Porque no se trata de matar el hambre por un fin de semana, de caridad de fin


de año o de azotar sartenes para que automáticamente bajen los impuestos. El
compromiso perspicaz intuye necesidades que van más allá de una lata de atún,
una botella de agua, doña Esther que deja de ser golpeada: estructura de
arranque, empoderamiento efectivo, formación oportuna, educación para la
paz. Se trata de filantropía estratégica, de la construcción en red de la acción
pública para potenciar el desarrollo y la calidad de vida. De acuerdo con
Alternativas y Capacidades, una entidad que ofrece estrategias para la
profesionalización de las OSC’s e instituciones donantes, México presentaba en
2008 entre 7,000 y 8,000 donatarias y organizaciones de la sociedad civil, 30
veces menos que Brasil que, con el doble de población, registraba 200, 000 (1).

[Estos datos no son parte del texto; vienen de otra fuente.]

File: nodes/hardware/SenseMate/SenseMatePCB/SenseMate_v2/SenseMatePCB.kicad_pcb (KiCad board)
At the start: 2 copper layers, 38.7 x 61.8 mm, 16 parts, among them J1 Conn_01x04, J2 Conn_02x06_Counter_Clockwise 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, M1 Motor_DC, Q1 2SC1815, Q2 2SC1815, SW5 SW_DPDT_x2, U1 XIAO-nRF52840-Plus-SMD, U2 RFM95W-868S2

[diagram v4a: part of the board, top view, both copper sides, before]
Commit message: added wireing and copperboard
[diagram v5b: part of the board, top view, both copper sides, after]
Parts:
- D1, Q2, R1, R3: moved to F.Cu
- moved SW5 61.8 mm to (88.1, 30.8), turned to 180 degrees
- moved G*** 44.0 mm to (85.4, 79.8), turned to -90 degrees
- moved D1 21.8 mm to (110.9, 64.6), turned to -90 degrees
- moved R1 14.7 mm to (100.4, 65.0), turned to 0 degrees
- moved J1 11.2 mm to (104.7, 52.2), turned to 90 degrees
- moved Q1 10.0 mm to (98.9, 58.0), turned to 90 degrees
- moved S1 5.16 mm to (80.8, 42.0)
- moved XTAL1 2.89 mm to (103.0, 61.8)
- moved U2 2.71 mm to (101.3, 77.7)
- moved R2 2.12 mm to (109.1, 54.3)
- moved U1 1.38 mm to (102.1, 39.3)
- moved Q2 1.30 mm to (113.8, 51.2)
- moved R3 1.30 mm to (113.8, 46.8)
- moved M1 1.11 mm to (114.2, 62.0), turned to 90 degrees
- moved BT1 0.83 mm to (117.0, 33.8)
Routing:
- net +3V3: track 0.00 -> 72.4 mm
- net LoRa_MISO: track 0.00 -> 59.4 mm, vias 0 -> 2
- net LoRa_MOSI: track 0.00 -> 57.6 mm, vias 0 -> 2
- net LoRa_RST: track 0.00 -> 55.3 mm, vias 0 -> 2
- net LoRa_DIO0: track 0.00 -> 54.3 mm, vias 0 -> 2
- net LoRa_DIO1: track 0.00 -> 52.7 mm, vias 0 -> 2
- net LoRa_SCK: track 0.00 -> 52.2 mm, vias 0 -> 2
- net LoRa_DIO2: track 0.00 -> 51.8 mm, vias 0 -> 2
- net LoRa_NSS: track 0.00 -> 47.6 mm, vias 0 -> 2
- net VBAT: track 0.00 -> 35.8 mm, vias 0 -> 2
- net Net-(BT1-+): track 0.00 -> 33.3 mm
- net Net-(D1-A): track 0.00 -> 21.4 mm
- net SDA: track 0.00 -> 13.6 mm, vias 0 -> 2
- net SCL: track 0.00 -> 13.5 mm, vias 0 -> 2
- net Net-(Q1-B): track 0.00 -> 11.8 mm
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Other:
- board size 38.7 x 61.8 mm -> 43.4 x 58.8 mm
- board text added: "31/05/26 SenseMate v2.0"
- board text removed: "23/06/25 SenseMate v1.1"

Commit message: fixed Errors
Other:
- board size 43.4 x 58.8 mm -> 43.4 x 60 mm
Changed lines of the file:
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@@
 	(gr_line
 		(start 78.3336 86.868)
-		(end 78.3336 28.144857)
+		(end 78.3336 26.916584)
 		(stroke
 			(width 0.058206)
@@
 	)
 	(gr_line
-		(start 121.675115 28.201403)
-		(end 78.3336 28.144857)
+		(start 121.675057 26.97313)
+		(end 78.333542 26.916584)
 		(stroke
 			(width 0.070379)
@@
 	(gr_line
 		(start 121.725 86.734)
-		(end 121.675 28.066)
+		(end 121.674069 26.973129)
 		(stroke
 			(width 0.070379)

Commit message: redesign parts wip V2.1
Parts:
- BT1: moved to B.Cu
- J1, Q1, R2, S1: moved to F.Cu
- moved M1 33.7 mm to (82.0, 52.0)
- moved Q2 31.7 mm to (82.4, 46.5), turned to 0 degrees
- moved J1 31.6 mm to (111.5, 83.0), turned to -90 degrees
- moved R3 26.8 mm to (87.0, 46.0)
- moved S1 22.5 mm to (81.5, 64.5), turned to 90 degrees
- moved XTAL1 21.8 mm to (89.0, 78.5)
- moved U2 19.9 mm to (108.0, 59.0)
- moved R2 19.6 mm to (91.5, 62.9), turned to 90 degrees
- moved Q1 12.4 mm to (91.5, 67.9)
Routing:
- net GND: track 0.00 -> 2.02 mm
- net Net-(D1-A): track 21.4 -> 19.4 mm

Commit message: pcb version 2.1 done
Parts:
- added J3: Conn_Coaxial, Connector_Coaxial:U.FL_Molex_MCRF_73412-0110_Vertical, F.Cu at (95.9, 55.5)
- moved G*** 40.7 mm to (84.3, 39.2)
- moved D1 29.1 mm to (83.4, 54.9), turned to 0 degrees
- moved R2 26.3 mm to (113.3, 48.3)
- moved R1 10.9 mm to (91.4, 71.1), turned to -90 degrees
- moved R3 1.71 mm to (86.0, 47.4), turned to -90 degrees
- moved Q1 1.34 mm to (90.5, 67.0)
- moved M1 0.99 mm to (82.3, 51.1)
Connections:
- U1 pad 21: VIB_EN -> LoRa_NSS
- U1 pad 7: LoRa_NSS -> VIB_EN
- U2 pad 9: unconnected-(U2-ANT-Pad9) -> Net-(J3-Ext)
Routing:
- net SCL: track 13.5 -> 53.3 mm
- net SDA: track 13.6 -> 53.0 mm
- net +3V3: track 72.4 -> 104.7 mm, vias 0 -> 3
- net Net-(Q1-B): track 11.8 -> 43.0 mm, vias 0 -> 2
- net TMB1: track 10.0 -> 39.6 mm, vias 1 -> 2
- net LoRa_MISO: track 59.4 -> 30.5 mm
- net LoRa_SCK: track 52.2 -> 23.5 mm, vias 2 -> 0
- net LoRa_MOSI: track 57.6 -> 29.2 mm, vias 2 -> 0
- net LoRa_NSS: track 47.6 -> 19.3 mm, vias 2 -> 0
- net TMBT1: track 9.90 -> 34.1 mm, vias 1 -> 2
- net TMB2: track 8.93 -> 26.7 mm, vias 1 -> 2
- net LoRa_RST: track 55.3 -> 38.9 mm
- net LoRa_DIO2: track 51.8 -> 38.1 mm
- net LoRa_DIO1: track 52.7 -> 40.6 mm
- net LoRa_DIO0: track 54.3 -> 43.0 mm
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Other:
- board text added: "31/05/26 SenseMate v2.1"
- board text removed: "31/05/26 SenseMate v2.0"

No imagino la cifra nacional de acciones ciudadanas activas que se mueven en
la improvisación, el ánimo enardecido y el tumulto acéfalo. ¿Cuántas de éstas
han tenido resultados de fondo en las políticas públicas, cuánto han mejorado
sustancialmente la existencia, que no sólo la vida semanal, de los que
defienden? No es suficiente el reclamo que vocifera, es necesario generar
contenidos por aprovecharse, canales por explorarse, programas sustentados
que se implementen con eficacia: el compromiso útil que confronta el
espectáculo del compromiso.

Pero es menos complicado Facebook y ese botón que te une a tantos amigos
como causas. La ventaja de tu empeño desde la periferia. Luego, quién duda de
tu involucramiento cuando ven tu perfil tan participativo.